■ **Work item**
The lines to be extracted run from the start of the listing through the line containing "values and board"; copy them exactly and nothing else.

■ **Task data**
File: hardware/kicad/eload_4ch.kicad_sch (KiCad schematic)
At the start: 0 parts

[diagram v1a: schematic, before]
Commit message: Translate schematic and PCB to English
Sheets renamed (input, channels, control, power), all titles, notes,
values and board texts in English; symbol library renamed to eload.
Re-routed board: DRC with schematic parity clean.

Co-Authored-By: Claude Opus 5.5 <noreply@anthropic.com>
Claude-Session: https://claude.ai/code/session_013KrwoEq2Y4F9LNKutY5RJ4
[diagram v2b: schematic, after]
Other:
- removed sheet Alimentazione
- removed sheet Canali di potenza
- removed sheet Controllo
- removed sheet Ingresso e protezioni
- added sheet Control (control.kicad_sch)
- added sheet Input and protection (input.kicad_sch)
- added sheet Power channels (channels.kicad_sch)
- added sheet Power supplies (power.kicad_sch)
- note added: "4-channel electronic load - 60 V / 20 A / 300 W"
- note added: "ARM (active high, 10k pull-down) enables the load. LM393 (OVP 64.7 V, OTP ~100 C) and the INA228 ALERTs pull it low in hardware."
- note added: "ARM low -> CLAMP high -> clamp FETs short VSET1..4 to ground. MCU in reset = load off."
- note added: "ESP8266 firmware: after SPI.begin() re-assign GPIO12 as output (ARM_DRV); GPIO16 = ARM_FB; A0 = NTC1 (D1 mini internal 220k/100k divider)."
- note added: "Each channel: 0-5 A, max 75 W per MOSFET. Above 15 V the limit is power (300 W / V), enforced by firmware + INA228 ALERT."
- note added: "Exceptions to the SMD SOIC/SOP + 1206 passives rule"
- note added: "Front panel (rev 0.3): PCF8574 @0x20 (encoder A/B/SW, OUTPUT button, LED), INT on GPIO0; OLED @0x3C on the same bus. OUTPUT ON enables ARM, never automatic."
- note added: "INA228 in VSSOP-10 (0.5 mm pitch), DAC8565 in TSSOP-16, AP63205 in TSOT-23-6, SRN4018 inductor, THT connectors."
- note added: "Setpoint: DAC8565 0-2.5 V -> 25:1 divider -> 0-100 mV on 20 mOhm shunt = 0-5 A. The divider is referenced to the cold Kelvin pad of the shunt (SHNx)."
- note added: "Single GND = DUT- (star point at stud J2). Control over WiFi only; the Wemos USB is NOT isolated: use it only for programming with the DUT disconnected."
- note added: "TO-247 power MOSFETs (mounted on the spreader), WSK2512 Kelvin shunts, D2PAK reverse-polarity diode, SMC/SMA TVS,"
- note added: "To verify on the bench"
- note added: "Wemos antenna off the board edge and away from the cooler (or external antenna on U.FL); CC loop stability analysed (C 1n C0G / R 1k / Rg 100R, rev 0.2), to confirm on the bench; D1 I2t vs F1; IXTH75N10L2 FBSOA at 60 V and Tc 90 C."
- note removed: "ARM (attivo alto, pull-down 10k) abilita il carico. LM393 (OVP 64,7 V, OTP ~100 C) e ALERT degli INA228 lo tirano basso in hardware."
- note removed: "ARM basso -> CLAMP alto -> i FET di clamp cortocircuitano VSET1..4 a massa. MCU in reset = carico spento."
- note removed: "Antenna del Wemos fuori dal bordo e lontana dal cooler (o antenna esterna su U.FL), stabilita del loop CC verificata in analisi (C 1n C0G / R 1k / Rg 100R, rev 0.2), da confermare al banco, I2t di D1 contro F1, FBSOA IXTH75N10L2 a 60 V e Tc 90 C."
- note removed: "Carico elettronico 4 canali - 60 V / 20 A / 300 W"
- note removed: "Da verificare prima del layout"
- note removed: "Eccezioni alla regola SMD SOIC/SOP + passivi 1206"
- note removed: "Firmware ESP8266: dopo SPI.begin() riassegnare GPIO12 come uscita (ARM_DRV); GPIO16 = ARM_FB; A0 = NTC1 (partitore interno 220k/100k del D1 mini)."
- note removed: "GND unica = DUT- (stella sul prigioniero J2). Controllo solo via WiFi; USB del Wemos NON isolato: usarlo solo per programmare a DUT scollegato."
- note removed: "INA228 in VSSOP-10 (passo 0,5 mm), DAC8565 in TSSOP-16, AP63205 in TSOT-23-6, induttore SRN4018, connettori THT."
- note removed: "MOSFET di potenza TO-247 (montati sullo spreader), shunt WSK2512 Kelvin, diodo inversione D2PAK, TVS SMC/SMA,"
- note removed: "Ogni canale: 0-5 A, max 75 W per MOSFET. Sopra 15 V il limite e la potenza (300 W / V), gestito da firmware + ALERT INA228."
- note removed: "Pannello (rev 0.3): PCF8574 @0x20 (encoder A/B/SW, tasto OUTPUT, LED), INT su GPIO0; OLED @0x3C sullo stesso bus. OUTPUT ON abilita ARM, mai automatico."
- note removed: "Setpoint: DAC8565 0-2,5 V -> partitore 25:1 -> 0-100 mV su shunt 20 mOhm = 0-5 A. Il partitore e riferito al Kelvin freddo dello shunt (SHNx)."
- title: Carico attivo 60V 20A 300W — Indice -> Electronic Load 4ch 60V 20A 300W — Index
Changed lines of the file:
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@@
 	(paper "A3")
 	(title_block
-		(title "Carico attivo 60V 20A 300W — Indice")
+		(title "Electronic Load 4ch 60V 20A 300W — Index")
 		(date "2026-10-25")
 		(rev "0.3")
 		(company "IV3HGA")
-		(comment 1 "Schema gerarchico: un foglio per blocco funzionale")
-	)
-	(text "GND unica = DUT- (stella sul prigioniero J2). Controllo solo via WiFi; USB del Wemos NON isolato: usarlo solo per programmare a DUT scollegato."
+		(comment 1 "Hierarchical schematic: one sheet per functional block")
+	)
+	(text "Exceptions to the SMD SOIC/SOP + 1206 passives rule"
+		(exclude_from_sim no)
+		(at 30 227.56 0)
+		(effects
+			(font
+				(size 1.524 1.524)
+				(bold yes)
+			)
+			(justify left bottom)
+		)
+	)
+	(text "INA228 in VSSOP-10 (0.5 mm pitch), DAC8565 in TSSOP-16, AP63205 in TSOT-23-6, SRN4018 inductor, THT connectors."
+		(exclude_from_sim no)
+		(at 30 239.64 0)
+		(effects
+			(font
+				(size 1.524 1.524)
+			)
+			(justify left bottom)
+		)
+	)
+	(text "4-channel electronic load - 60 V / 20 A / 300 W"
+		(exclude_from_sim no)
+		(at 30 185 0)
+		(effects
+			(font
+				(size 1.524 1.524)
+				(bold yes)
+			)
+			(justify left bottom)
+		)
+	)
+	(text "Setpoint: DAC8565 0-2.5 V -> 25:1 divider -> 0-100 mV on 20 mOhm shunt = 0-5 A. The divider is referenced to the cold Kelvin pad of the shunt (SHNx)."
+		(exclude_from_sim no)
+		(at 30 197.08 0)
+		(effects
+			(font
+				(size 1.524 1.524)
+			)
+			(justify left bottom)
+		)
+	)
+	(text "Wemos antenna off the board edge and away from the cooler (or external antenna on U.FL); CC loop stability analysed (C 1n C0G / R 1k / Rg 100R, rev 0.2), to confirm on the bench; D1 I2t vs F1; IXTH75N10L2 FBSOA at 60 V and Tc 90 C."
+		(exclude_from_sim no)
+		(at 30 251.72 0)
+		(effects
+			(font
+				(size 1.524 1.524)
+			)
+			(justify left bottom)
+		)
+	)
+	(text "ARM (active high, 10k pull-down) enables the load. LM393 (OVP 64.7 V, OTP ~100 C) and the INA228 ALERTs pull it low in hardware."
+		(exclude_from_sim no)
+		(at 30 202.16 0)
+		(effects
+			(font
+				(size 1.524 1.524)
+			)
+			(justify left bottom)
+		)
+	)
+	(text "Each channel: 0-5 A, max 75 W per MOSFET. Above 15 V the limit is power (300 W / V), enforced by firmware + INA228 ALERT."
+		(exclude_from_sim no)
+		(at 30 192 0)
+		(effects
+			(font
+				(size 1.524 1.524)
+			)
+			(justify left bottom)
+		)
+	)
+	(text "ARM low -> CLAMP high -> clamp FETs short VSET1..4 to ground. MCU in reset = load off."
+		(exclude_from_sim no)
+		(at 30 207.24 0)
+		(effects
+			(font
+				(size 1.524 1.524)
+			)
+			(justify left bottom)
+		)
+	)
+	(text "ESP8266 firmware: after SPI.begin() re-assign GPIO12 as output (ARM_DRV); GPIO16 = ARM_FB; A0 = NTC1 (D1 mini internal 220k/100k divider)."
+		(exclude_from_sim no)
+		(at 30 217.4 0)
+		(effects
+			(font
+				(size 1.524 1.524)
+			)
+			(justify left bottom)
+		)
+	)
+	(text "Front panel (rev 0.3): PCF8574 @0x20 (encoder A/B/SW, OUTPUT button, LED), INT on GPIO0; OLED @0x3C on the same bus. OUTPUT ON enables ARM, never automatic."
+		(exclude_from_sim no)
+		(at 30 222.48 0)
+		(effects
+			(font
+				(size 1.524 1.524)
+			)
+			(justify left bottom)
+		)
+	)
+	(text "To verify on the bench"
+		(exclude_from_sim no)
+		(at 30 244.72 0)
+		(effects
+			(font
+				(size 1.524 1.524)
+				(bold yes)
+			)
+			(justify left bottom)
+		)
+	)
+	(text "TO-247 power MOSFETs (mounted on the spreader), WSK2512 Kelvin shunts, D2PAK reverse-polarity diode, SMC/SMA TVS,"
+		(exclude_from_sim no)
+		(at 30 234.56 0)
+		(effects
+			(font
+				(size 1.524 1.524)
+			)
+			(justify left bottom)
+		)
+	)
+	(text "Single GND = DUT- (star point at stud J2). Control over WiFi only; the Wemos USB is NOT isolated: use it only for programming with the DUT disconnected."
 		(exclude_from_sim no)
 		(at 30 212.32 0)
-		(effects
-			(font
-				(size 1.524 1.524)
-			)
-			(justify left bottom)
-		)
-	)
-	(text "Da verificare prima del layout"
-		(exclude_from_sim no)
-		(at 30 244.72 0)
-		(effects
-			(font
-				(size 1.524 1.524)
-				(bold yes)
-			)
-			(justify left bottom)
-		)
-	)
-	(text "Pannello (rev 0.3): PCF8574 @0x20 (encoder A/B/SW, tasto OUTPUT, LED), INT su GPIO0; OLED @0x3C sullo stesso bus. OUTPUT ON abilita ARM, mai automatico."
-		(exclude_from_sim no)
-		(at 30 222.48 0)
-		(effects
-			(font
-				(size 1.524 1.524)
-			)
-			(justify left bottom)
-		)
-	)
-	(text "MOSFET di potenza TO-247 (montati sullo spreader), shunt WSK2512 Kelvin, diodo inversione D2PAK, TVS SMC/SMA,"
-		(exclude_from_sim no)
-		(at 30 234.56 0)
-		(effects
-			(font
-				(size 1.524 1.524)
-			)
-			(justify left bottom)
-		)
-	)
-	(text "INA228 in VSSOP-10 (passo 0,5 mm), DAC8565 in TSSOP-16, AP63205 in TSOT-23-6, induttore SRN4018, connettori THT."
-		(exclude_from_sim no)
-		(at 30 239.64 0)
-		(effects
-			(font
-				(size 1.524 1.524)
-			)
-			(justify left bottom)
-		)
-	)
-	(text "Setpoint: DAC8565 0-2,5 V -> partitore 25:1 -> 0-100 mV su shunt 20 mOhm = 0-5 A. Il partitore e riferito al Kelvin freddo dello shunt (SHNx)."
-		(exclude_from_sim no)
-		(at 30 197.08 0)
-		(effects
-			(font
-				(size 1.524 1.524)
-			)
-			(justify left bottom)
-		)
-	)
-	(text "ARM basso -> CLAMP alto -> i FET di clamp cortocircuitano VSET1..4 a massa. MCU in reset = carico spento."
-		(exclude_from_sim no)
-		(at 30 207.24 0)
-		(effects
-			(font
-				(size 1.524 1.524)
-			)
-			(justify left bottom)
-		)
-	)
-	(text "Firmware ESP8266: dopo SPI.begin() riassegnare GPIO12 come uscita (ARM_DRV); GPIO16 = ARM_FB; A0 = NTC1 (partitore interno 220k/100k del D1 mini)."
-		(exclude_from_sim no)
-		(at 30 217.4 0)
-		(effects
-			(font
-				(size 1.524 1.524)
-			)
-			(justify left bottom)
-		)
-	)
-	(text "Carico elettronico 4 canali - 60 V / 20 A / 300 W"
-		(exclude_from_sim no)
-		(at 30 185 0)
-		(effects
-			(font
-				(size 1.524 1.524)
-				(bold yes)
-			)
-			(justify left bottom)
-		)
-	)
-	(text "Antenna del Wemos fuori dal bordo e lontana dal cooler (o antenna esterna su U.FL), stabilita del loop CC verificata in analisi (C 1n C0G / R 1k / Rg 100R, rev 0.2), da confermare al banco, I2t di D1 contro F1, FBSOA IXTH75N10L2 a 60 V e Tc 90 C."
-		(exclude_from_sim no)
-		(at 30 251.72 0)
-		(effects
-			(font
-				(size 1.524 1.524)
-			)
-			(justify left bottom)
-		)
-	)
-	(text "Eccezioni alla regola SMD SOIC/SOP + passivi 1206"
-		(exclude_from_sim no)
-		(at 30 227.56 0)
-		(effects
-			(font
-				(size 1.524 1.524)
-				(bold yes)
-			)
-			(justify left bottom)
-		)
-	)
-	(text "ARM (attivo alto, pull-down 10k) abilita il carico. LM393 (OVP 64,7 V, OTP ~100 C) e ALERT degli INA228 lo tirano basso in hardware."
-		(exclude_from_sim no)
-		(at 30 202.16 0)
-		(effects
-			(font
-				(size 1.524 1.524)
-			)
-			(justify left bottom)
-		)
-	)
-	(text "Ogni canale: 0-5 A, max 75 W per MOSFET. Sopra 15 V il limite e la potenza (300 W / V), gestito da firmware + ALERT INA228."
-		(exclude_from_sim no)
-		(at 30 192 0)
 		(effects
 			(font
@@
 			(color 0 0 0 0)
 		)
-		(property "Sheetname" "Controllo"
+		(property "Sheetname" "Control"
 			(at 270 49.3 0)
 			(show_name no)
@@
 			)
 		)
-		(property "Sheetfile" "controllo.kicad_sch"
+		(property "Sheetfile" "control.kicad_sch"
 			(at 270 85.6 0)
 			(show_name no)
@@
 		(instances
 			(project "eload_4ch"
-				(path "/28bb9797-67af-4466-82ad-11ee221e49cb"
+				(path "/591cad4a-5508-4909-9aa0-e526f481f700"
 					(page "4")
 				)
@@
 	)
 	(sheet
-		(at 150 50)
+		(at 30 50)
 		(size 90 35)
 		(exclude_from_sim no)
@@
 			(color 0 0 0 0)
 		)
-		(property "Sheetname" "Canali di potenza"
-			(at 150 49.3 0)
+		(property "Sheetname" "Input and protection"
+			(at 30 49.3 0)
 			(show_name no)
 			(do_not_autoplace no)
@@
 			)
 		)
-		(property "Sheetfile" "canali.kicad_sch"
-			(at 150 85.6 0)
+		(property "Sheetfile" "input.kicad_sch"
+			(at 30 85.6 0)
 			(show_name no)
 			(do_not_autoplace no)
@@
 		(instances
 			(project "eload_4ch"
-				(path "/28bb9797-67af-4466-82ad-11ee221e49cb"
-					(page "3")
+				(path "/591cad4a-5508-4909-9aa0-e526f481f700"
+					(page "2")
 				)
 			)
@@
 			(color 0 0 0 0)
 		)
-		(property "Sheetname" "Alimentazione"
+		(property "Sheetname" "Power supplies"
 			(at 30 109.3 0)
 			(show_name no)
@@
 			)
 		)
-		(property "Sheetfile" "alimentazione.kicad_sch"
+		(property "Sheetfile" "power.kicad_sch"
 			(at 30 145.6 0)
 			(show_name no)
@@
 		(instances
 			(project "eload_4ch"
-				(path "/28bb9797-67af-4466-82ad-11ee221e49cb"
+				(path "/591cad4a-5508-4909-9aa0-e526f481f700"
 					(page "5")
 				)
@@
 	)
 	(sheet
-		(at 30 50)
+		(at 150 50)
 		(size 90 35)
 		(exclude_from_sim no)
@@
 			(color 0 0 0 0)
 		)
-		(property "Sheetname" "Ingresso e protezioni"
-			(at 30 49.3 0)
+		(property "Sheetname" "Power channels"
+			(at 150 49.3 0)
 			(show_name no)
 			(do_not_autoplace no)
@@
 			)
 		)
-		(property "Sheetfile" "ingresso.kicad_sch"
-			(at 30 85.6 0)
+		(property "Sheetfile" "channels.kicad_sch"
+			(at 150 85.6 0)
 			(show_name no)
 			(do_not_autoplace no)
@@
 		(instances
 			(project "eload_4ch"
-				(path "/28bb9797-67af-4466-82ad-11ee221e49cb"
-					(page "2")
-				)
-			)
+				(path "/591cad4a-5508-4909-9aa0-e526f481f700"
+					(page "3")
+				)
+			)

■ **Answer**
File: hardware/kicad/eload_4ch.kicad_sch (KiCad schematic)
At the start: 0 parts

[diagram v1a: schematic, before]
Commit message: Translate schematic and PCB to English
Sheets renamed (input, channels, control, power), all titles, notes,
values and board texts in English; symbol library renamed to eload.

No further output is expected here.